La diversité tant recherchée par l’Académie commence à se voir dans les récompenses attribuées : avec ses trois Oscars, meilleure actrice (Frances McDormand), meilleur film et meilleure réalisatrice pour Chloé Zhao (la seconde femme, seulement, en près de cent ans d’existence), Nomadland est donc le vainqueur depuis longtemps annoncé de cette édition. Minimaliste, très libre et poétique, cette balade dans une Amérique mal connue, loin des canons esthétiques et narratifs dominants, est une véritable évasion cinématographique.
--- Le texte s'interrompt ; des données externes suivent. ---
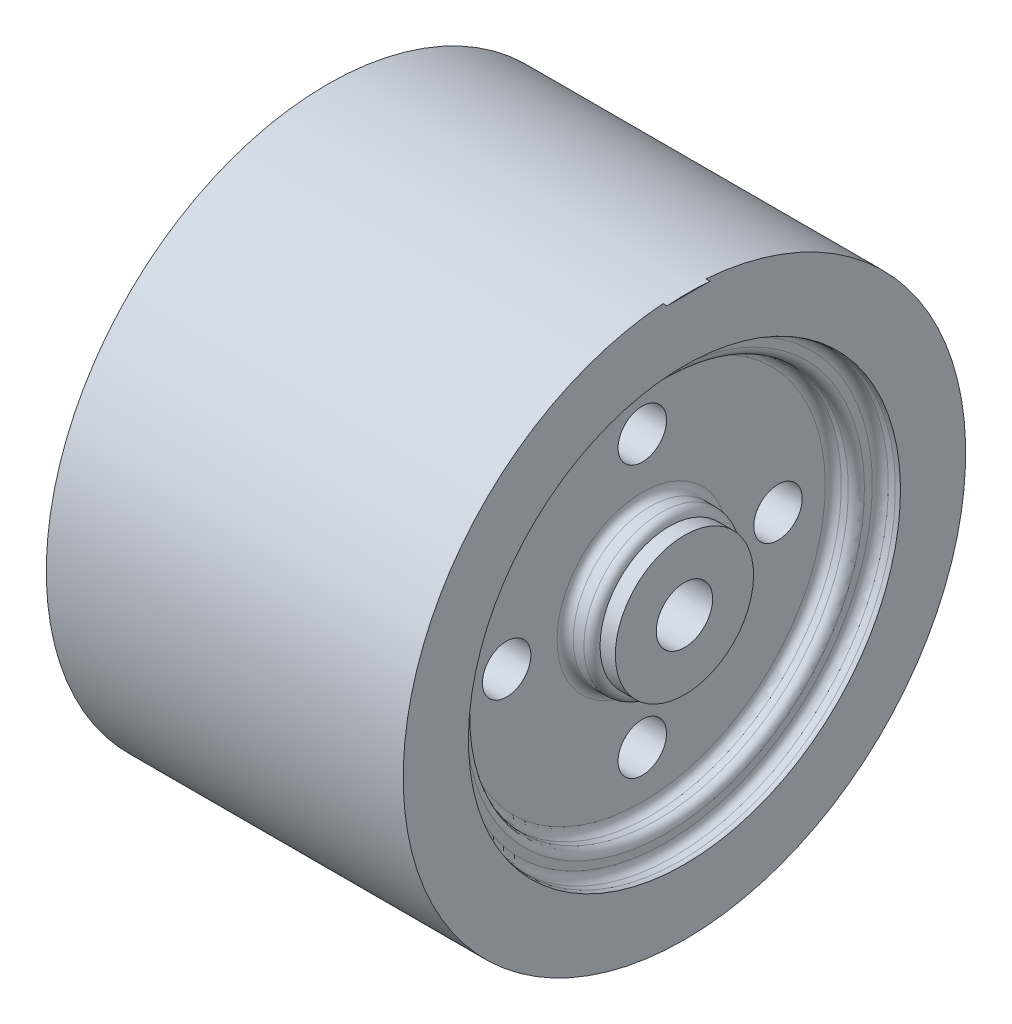
ISO-10303-21;
HEADER;
FILE_DESCRIPTION(('STEP AP214'),'2;1');
FILE_NAME('part.step','',(''),(''),'','','');
FILE_SCHEMA(('AUTOMOTIVE_DESIGN { 1 0 10303 214 1 1 1 1 }'));
ENDSEC;
DATA;
#1=APPLICATION_CONTEXT('core data for automotive mechanical design processes');
#2=APPLICATION_PROTOCOL_DEFINITION('international standard','automotive_design',2000,#1);
#3=PRODUCT_CONTEXT('',#1,'mechanical');
#4=PRODUCT('Part','Part','',(#3));
#5=PRODUCT_RELATED_PRODUCT_CATEGORY('part','',(#4));
#6=PRODUCT_DEFINITION_FORMATION('','',#4);
#7=PRODUCT_DEFINITION_CONTEXT('part definition',#1,'design');
#8=PRODUCT_DEFINITION('design','',#6,#7);
#9=PRODUCT_DEFINITION_SHAPE('','',#8);
#10=(LENGTH_UNIT() NAMED_UNIT(*) SI_UNIT(.MILLI.,.METRE.));
#11=(NAMED_UNIT(*) PLANE_ANGLE_UNIT() SI_UNIT($,.RADIAN.));
#12=(NAMED_UNIT(*) SI_UNIT($,.STERADIAN.) SOLID_ANGLE_UNIT());
#13=UNCERTAINTY_MEASURE_WITH_UNIT(LENGTH_MEASURE(1.E-05),#10,'distance_accuracy_value','');
#14=(GEOMETRIC_REPRESENTATION_CONTEXT(3) GLOBAL_UNCERTAINTY_ASSIGNED_CONTEXT((#13)) GLOBAL_UNIT_ASSIGNED_CONTEXT((#10,
#11,#12)) REPRESENTATION_CONTEXT('',''));
#15=CARTESIAN_POINT('',(0.,0.,0.));
#16=DIRECTION('',(0.,0.,1.));
#17=DIRECTION('',(1.,0.,0.));
#18=AXIS2_PLACEMENT_3D('',#15,#16,#17);
#19=CARTESIAN_POINT('',(24.,34.0850434994007,0.));
#20=DIRECTION('',(-1.,0.,0.));
#21=DIRECTION('',(0.,-1.,0.));
#22=AXIS2_PLACEMENT_3D('',#19,#20,#21);
#23=CYLINDRICAL_SURFACE('',#22,8.57905084931098);
#24=CARTESIAN_POINT('',(-20.,34.0850434994007,0.));
#25=DIRECTION('',(-1.,0.,0.));
#26=DIRECTION('',(0.,-1.,0.));
#27=AXIS2_PLACEMENT_3D('',#24,#25,#26);
#28=CIRCLE('',#27,8.57905084931098);
#29=CARTESIAN_POINT('',(-20.,25.5059926500898,0.));
#30=VERTEX_POINT('',#29);
#31=EDGE_CURVE('E43',#30,#30,#28,.T.);
#32=ORIENTED_EDGE('',*,*,#31,.T.);
#33=EDGE_LOOP('',(#32));
#34=FACE_BOUND('',#33,.T.);
#35=CARTESIAN_POINT('',(-22.,34.0850434994007,0.));
#36=DIRECTION('',(1.,0.,0.));
#37=DIRECTION('',(0.,1.,0.));
#38=AXIS2_PLACEMENT_3D('',#35,#36,#37);
#39=CIRCLE('',#38,8.57905084931098);
#40=CARTESIAN_POINT('',(-22.,42.6640943487117,0.));
#41=VERTEX_POINT('',#40);
#42=EDGE_CURVE('E11',#41,#41,#39,.T.);
#43=ORIENTED_EDGE('',*,*,#42,.T.);
#44=EDGE_LOOP('',(#43));
#45=FACE_BOUND('',#44,.T.);
#46=ADVANCED_FACE('F34',(#34,#45),#23,.T.);
#47=CARTESIAN_POINT('',(20.,34.0850434994007,0.));
#48=DIRECTION('',(1.,0.,0.));
#49=DIRECTION('',(0.,1.,0.));
#50=AXIS2_PLACEMENT_3D('',#47,#48,#49);
#51=CIRCLE('',#50,8.57905084931098);
#52=CARTESIAN_POINT('',(20.,42.6640943487117,0.));
#53=VERTEX_POINT('',#52);
#54=EDGE_CURVE('E503',#53,#53,#51,.F.);
#55=ORIENTED_EDGE('',*,*,#54,.F.);
#56=EDGE_LOOP('',(#55));
#57=FACE_BOUND('',#56,.T.);
#58=CARTESIAN_POINT('',(21.9,34.0850434994007,0.));
#59=DIRECTION('',(1.,0.,0.));
#60=DIRECTION('',(0.,1.,0.));
#61=AXIS2_PLACEMENT_3D('',#58,#59,#60);
#62=CIRCLE('',#61,8.57905084931098);
#63=CARTESIAN_POINT('',(21.9,42.6640943487117,0.));
#64=VERTEX_POINT('',#63);
#65=EDGE_CURVE('E74',#64,#64,#62,.T.);
#66=ORIENTED_EDGE('',*,*,#65,.F.);
#67=EDGE_LOOP('',(#66));
#68=FACE_BOUND('',#67,.T.);
#69=ADVANCED_FACE('F139',(#57,#68),#23,.T.);
#70=CARTESIAN_POINT('',(-45.3449936196497,34.0850434994007,0.));
#71=DIRECTION('',(-1.,0.,0.));
#72=DIRECTION('',(0.,-1.,0.));
#73=AXIS2_PLACEMENT_3D('',#70,#71,#72);
#74=CYLINDRICAL_SURFACE('',#73,3.50000000000001);
#75=CARTESIAN_POINT('',(-22.,34.0850434994007,0.));
#76=DIRECTION('',(1.,0.,0.));
#77=DIRECTION('',(0.,1.,0.));
#78=AXIS2_PLACEMENT_3D('',#75,#76,#77);
#79=CIRCLE('',#78,3.50000000000001);
#80=CARTESIAN_POINT('',(-22.,37.5850434994007,0.));
#81=VERTEX_POINT('',#80);
#82=EDGE_CURVE('E500',#81,#81,#79,.T.);
#83=ORIENTED_EDGE('',*,*,#82,.F.);
#84=EDGE_LOOP('',(#83));
#85=FACE_BOUND('',#84,.T.);
#86=CARTESIAN_POINT('',(21.9,34.0850434994007,0.));
#87=DIRECTION('',(1.,0.,0.));
#88=DIRECTION('',(0.,1.,0.));
#89=AXIS2_PLACEMENT_3D('',#86,#87,#88);
#90=CIRCLE('',#89,3.50000000000001);
#91=CARTESIAN_POINT('',(21.9,37.5850434994008,0.));
#92=VERTEX_POINT('',#91);
#93=EDGE_CURVE('E491',#92,#92,#90,.T.);
#94=ORIENTED_EDGE('',*,*,#93,.T.);
#95=EDGE_LOOP('',(#94));
#96=FACE_BOUND('',#95,.T.);
#97=ADVANCED_FACE('F135',(#85,#96),#74,.F.);
#98=CARTESIAN_POINT('',(21.4,34.0850434994007,0.));
#99=DIRECTION('',(-1.,0.,0.));
#100=DIRECTION('',(0.,-1.,0.));
#101=AXIS2_PLACEMENT_3D('',#98,#99,#100);
#102=TOROIDAL_SURFACE('',#101,27.6818695266668,1.);
#103=CARTESIAN_POINT('',(21.4,34.0850434994007,0.));
#104=DIRECTION('',(-1.,0.,0.));
#105=DIRECTION('',(0.,-1.,0.));
#106=AXIS2_PLACEMENT_3D('',#103,#104,#105);
#107=CIRCLE('',#106,26.6818695266668);
#108=CARTESIAN_POINT('',(21.4,7.40317397273399,0.));
#109=VERTEX_POINT('',#108);
#110=EDGE_CURVE('E78',#109,#109,#107,.T.);
#111=ORIENTED_EDGE('',*,*,#110,.T.);
#112=EDGE_LOOP('',(#111));
#113=FACE_BOUND('',#112,.T.);
#114=CARTESIAN_POINT('',(21.9,34.0850434994007,0.));
#115=DIRECTION('',(-1.,0.,0.));
#116=DIRECTION('',(0.,-1.,0.));
#117=AXIS2_PLACEMENT_3D('',#114,#115,#116);
#118=CIRCLE('',#117,26.8158441228823);
#119=CARTESIAN_POINT('',(21.9,7.26919937651843,0.));
#120=VERTEX_POINT('',#119);
#121=EDGE_CURVE('E38',#120,#120,#118,.F.);
#122=ORIENTED_EDGE('',*,*,#121,.T.);
#123=EDGE_LOOP('',(#122));
#124=FACE_BOUND('',#123,.T.);
#125=ADVANCED_FACE('F127',(#113,#124),#102,.T.);
#126=CARTESIAN_POINT('',(-19.,34.0850434994007,0.));
#127=DIRECTION('',(-1.,0.,0.));
#128=DIRECTION('',(0.,-1.,0.));
#129=AXIS2_PLACEMENT_3D('',#126,#127,#128);
#130=TOROIDAL_SURFACE('',#129,8.57905084931098,0.999999999999997);
#131=CARTESIAN_POINT('',(-19.,34.0850434994007,0.));
#132=DIRECTION('',(-1.,0.,0.));
#133=DIRECTION('',(0.,-1.,0.));
#134=AXIS2_PLACEMENT_3D('',#131,#132,#133);
#135=CIRCLE('',#134,9.57905084931097);
#136=CARTESIAN_POINT('',(-19.,24.5059926500898,0.));
#137=VERTEX_POINT('',#136);
#138=EDGE_CURVE('E117',#137,#137,#135,.T.);
#139=ORIENTED_EDGE('',*,*,#138,.T.);
#140=EDGE_LOOP('',(#139));
#141=FACE_BOUND('',#140,.T.);
#142=ORIENTED_EDGE('',*,*,#31,.F.);
#143=EDGE_LOOP('',(#142));
#144=FACE_BOUND('',#143,.T.);
#145=ADVANCED_FACE('F36',(#141,#144),#130,.T.);
#146=CARTESIAN_POINT('',(-45.3449936196497,34.0850434994007,0.));
#147=DIRECTION('',(-1.,0.,0.));
#148=DIRECTION('',(0.,-1.,0.));
#149=AXIS2_PLACEMENT_3D('',#146,#147,#148);
#150=CYLINDRICAL_SURFACE('',#149,9.57905084931097);
#151=CARTESIAN_POINT('',(-17.6686422910207,34.0850434994007,0.));
#152=DIRECTION('',(-1.,0.,0.));
#153=DIRECTION('',(0.,-1.,0.));
#154=AXIS2_PLACEMENT_3D('',#151,#152,#153);
#155=CIRCLE('',#154,9.57905084931097);
#156=CARTESIAN_POINT('',(-17.6686422910207,24.5059926500898,0.));
#157=VERTEX_POINT('',#156);
#158=EDGE_CURVE('E114',#157,#157,#155,.T.);
#159=ORIENTED_EDGE('',*,*,#158,.T.);
#160=EDGE_LOOP('',(#159));
#161=FACE_BOUND('',#160,.T.);
#162=ORIENTED_EDGE('',*,*,#138,.F.);
#163=EDGE_LOOP('',(#162));
#164=FACE_BOUND('',#163,.T.);
#165=ADVANCED_FACE('F126',(#161,#164),#150,.T.);
#166=CARTESIAN_POINT('',(-17.6686422910207,34.0850434994007,0.));
#167=DIRECTION('',(-1.,0.,0.));
#168=DIRECTION('',(0.,-1.,0.));
#169=AXIS2_PLACEMENT_3D('',#166,#167,#168);
#170=TOROIDAL_SURFACE('',#169,10.579050849311,1.);
#171=CARTESIAN_POINT('',(-16.6686422910207,34.0850434994007,0.));
#172=DIRECTION('',(-1.,0.,0.));
#173=DIRECTION('',(0.,-1.,0.));
#174=AXIS2_PLACEMENT_3D('',#171,#172,#173);
#175=CIRCLE('',#174,10.579050849311);
#176=CARTESIAN_POINT('',(-16.6686422910207,23.5059926500898,0.));
#177=VERTEX_POINT('',#176);
#178=EDGE_CURVE('E111',#177,#177,#175,.T.);
#179=ORIENTED_EDGE('',*,*,#178,.T.);
#180=EDGE_LOOP('',(#179));
#181=FACE_BOUND('',#180,.T.);
#182=ORIENTED_EDGE('',*,*,#158,.F.);
#183=EDGE_LOOP('',(#182));
#184=FACE_BOUND('',#183,.T.);
#185=ADVANCED_FACE('F133',(#181,#184),#170,.F.);
#186=CARTESIAN_POINT('',(-16.6686422910207,23.5059926500898,0.));
#187=DIRECTION('',(-1.,0.,0.));
#188=DIRECTION('',(0.,-1.,0.));
#189=AXIS2_PLACEMENT_3D('',#186,#187,#188);
#190=PLANE('',#189);
#191=CARTESIAN_POINT('',(-16.6686422910207,50.9244513745696,0.));
#192=DIRECTION('',(-1.,0.,0.));
#193=DIRECTION('',(0.,-1.,0.));
#194=AXIS2_PLACEMENT_3D('',#191,#192,#193);
#195=CIRCLE('',#194,3.00725892953214);
#196=CARTESIAN_POINT('',(-16.6686422910207,47.9171924450375,0.));
#197=VERTEX_POINT('',#196);
#198=EDGE_CURVE('E527',#197,#197,#195,.T.);
#199=ORIENTED_EDGE('',*,*,#198,.F.);
#200=EDGE_LOOP('',(#199));
#201=FACE_BOUND('',#200,.T.);
#202=CARTESIAN_POINT('',(-16.6686422910207,34.0850434994009,-16.8394078751691));
#203=DIRECTION('',(-1.,0.,0.));
#204=DIRECTION('',(0.,-1.,0.));
#205=AXIS2_PLACEMENT_3D('',#202,#203,#204);
#206=CIRCLE('',#205,3.00725892953214);
#207=CARTESIAN_POINT('',(-16.6686422910207,31.0777845698688,-16.8394078751691));
#208=VERTEX_POINT('',#207);
#209=EDGE_CURVE('E524',#208,#208,#206,.T.);
#210=ORIENTED_EDGE('',*,*,#209,.F.);
#211=EDGE_LOOP('',(#210));
#212=FACE_BOUND('',#211,.T.);
#213=CARTESIAN_POINT('',(-16.6686422910207,17.2456356242319,-3.52766870119921E-13));
#214=DIRECTION('',(-1.,0.,0.));
#215=DIRECTION('',(0.,-1.,0.));
#216=AXIS2_PLACEMENT_3D('',#213,#214,#215);
#217=CIRCLE('',#216,3.00725892953214);
#218=CARTESIAN_POINT('',(-16.6686422910207,14.2383766946997,-3.52766870119921E-13));
#219=VERTEX_POINT('',#218);
#220=EDGE_CURVE('E521',#219,#219,#217,.T.);
#221=ORIENTED_EDGE('',*,*,#220,.F.);
#222=EDGE_LOOP('',(#221));
#223=FACE_BOUND('',#222,.T.);
#224=CARTESIAN_POINT('',(-16.6686422910207,34.0850434994007,16.8394078751686));
#225=DIRECTION('',(-1.,0.,0.));
#226=DIRECTION('',(0.,-1.,0.));
#227=AXIS2_PLACEMENT_3D('',#224,#225,#226);
#228=CIRCLE('',#227,3.00725892953214);
#229=CARTESIAN_POINT('',(-16.6686422910207,31.0777845698685,16.8394078751686));
#230=VERTEX_POINT('',#229);
#231=EDGE_CURVE('E510',#230,#230,#228,.T.);
#232=ORIENTED_EDGE('',*,*,#231,.F.);
#233=EDGE_LOOP('',(#232));
#234=FACE_BOUND('',#233,.T.);
#235=CARTESIAN_POINT('',(-16.6686422910207,34.0850434994007,0.));
#236=DIRECTION('',(-1.,0.,0.));
#237=DIRECTION('',(0.,-1.,0.));
#238=AXIS2_PLACEMENT_3D('',#235,#236,#237);
#239=CIRCLE('',#238,22.7098120973116);
#240=CARTESIAN_POINT('',(-16.6686422910207,11.3752314020891,0.));
#241=VERTEX_POINT('',#240);
#242=EDGE_CURVE('E108',#241,#241,#239,.T.);
#243=ORIENTED_EDGE('',*,*,#242,.T.);
#244=EDGE_LOOP('',(#243));
#245=FACE_BOUND('',#244,.T.);
#246=ORIENTED_EDGE('',*,*,#178,.F.);
#247=EDGE_LOOP('',(#246));
#248=FACE_BOUND('',#247,.T.);
#249=ADVANCED_FACE('F243',(#201,#212,#223,#234,#245,#248),#190,.T.);
#250=CARTESIAN_POINT('',(-17.6686422910207,34.0850434994007,0.));
#251=DIRECTION('',(-1.,0.,0.));
#252=DIRECTION('',(0.,-1.,0.));
#253=AXIS2_PLACEMENT_3D('',#250,#251,#252);
#254=TOROIDAL_SURFACE('',#253,22.7098120973116,0.999999999999996);
#255=CARTESIAN_POINT('',(-17.6686422910207,34.0850434994007,0.));
#256=DIRECTION('',(-1.,0.,0.));
#257=DIRECTION('',(0.,-1.,0.));
#258=AXIS2_PLACEMENT_3D('',#255,#256,#257);
#259=CIRCLE('',#258,23.7098120973116);
#260=CARTESIAN_POINT('',(-17.6686422910207,10.3752314020891,0.));
#261=VERTEX_POINT('',#260);
#262=EDGE_CURVE('E105',#261,#261,#259,.T.);
#263=ORIENTED_EDGE('',*,*,#262,.T.);
#264=EDGE_LOOP('',(#263));
#265=FACE_BOUND('',#264,.T.);
#266=ORIENTED_EDGE('',*,*,#242,.F.);
#267=EDGE_LOOP('',(#266));
#268=FACE_BOUND('',#267,.T.);
#269=ADVANCED_FACE('F239',(#265,#268),#254,.F.);
#270=CARTESIAN_POINT('',(-45.3449936196497,34.0850434994007,0.));
#271=DIRECTION('',(-1.,0.,0.));
#272=DIRECTION('',(0.,-1.,0.));
#273=AXIS2_PLACEMENT_3D('',#270,#271,#272);
#274=CYLINDRICAL_SURFACE('',#273,23.7098120973116);
#275=CARTESIAN_POINT('',(-18.5343211455104,34.0850434994007,0.));
#276=DIRECTION('',(-1.,0.,0.));
#277=DIRECTION('',(0.,-1.,0.));
#278=AXIS2_PLACEMENT_3D('',#275,#276,#277);
#279=CIRCLE('',#278,23.7098120973116);
#280=CARTESIAN_POINT('',(-18.5343211455103,10.3752314020891,0.));
#281=VERTEX_POINT('',#280);
#282=EDGE_CURVE('E102',#281,#281,#279,.T.);
#283=ORIENTED_EDGE('',*,*,#282,.T.);
#284=EDGE_LOOP('',(#283));
#285=FACE_BOUND('',#284,.T.);
#286=ORIENTED_EDGE('',*,*,#262,.F.);
#287=EDGE_LOOP('',(#286));
#288=FACE_BOUND('',#287,.T.);
#289=ADVANCED_FACE('F235',(#285,#288),#274,.F.);
#290=CARTESIAN_POINT('',(-18.5343211455104,34.0850434994007,0.));
#291=DIRECTION('',(-1.,0.,0.));
#292=DIRECTION('',(0.,-1.,0.));
#293=AXIS2_PLACEMENT_3D('',#290,#291,#292);
#294=TOROIDAL_SURFACE('',#293,24.7098120973116,1.);
#295=CARTESIAN_POINT('',(-19.5343211455104,34.0850434994007,0.));
#296=DIRECTION('',(-1.,0.,0.));
#297=DIRECTION('',(0.,-1.,0.));
#298=AXIS2_PLACEMENT_3D('',#295,#296,#297);
#299=CIRCLE('',#298,24.7098120973116);
#300=CARTESIAN_POINT('',(-19.5343211455103,9.37523140208914,0.));
#301=VERTEX_POINT('',#300);
#302=EDGE_CURVE('E99',#301,#301,#299,.T.);
#303=ORIENTED_EDGE('',*,*,#302,.T.);
#304=EDGE_LOOP('',(#303));
#305=FACE_BOUND('',#304,.T.);
#306=ORIENTED_EDGE('',*,*,#282,.F.);
#307=EDGE_LOOP('',(#306));
#308=FACE_BOUND('',#307,.T.);
#309=ADVANCED_FACE('F231',(#305,#308),#294,.T.);
#310=CARTESIAN_POINT('',(-19.5343211455103,8.40317397273399,0.));
#311=DIRECTION('',(-1.,0.,0.));
#312=DIRECTION('',(0.,-1.,0.));
#313=AXIS2_PLACEMENT_3D('',#310,#311,#312);
#314=PLANE('',#313);
#315=CARTESIAN_POINT('',(-19.5343211455104,34.0850434994007,0.));
#316=DIRECTION('',(-1.,0.,0.));
#317=DIRECTION('',(0.,-1.,0.));
#318=AXIS2_PLACEMENT_3D('',#315,#316,#317);
#319=CIRCLE('',#318,25.6818695266668);
#320=CARTESIAN_POINT('',(-19.5343211455103,8.40317397273399,0.));
#321=VERTEX_POINT('',#320);
#322=EDGE_CURVE('E96',#321,#321,#319,.T.);
#323=ORIENTED_EDGE('',*,*,#322,.T.);
#324=EDGE_LOOP('',(#323));
#325=FACE_BOUND('',#324,.T.);
#326=ORIENTED_EDGE('',*,*,#302,.F.);
#327=EDGE_LOOP('',(#326));
#328=FACE_BOUND('',#327,.T.);
#329=ADVANCED_FACE('F227',(#325,#328),#314,.T.);
#330=CARTESIAN_POINT('',(-20.5343211455104,34.0850434994007,0.));
#331=DIRECTION('',(-1.,0.,0.));
#332=DIRECTION('',(0.,-1.,0.));
#333=AXIS2_PLACEMENT_3D('',#330,#331,#332);
#334=TOROIDAL_SURFACE('',#333,25.6818695266668,1.);
#335=CARTESIAN_POINT('',(-20.5343211455104,34.0850434994007,0.));
#336=DIRECTION('',(-1.,0.,0.));
#337=DIRECTION('',(0.,-1.,0.));
#338=AXIS2_PLACEMENT_3D('',#335,#336,#337);
#339=CIRCLE('',#338,26.6818695266668);
#340=CARTESIAN_POINT('',(-20.5343211455103,7.40317397273399,0.));
#341=VERTEX_POINT('',#340);
#342=EDGE_CURVE('E93',#341,#341,#339,.T.);
#343=ORIENTED_EDGE('',*,*,#342,.T.);
#344=EDGE_LOOP('',(#343));
#345=FACE_BOUND('',#344,.T.);
#346=ORIENTED_EDGE('',*,*,#322,.F.);
#347=EDGE_LOOP('',(#346));
#348=FACE_BOUND('',#347,.T.);
#349=ADVANCED_FACE('F223',(#345,#348),#334,.F.);
#350=CARTESIAN_POINT('',(-45.3449936196497,34.0850434994007,0.));
#351=DIRECTION('',(-1.,0.,0.));
#352=DIRECTION('',(0.,-1.,0.));
#353=AXIS2_PLACEMENT_3D('',#350,#351,#352);
#354=CYLINDRICAL_SURFACE('',#353,26.6818695266667);
#355=CARTESIAN_POINT('',(-21.4,34.0850434994007,0.));
#356=DIRECTION('',(-1.,0.,0.));
#357=DIRECTION('',(0.,-1.,0.));
#358=AXIS2_PLACEMENT_3D('',#355,#356,#357);
#359=CIRCLE('',#358,26.6818695266667);
#360=CARTESIAN_POINT('',(-21.4,7.40317397273399,0.));
#361=VERTEX_POINT('',#360);
#362=EDGE_CURVE('E90',#361,#361,#359,.T.);
#363=ORIENTED_EDGE('',*,*,#362,.T.);
#364=EDGE_LOOP('',(#363));
#365=FACE_BOUND('',#364,.T.);
#366=ORIENTED_EDGE('',*,*,#342,.F.);
#367=EDGE_LOOP('',(#366));
#368=FACE_BOUND('',#367,.T.);
#369=ADVANCED_FACE('F219',(#365,#368),#354,.F.);
#370=CARTESIAN_POINT('',(-21.4,34.0850434994007,0.));
#371=DIRECTION('',(-1.,0.,0.));
#372=DIRECTION('',(0.,-1.,0.));
#373=AXIS2_PLACEMENT_3D('',#370,#371,#372);
#374=TOROIDAL_SURFACE('',#373,27.6818695266667,1.);
#375=CARTESIAN_POINT('',(-22.4,34.0850434994007,0.));
#376=DIRECTION('',(-1.,0.,0.));
#377=DIRECTION('',(0.,-1.,0.));
#378=AXIS2_PLACEMENT_3D('',#375,#376,#377);
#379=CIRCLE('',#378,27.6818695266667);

Parmi les autres films mis en avant, Promising Young Woman (meilleur scénario original pour Emerald Fennel), et Judas and the Black Messiah (meilleur second rôle masculin pour Daniel Kaluuya et meilleure chanson), à travers le style du thriller (l’un corrosif et mordant, l’autre historique), abordent des thématiques qui sont brûlantes sans être, hélas, vraiment nouvelles, celles des violences faites aux femmes et des injustices subies par les Noirs dans la société américaine.
Parmi les autres gagnants, le touchant mais très sage Minari (meilleur second rôle féminin pour Youn Yuh-jung) et le beau Sound of Metal (avec un épatant Riz Ahmed), premier film très prometteur de Darius Marder, qui remporte deux récompenses techniques (meilleur montage et meilleur son). Soul récolte deux prix (meilleur film d’animation et meilleure musique originale pour Trent Reznor et Atticus Ross). La Sagesse de la pieuvre, évoqué dans nos colonnes, est couronné meilleur film documentaire. Et enfin, la surprise The Father, moins exposé que certains de ses concurrents, malgré son succès public à Sundance. Adaptation par Florian Zeller lui-même de sa pièce au succès qui dépasse les frontières françaises, ce premier film se voit attribuer le prix du meilleur scénario adapté et celui de la meilleure interprétation masculine, récompensant à juste titre un Anthony Hopkins qu’on n’avait pas vu aussi impliqué dans un rôle depuis bien longtemps.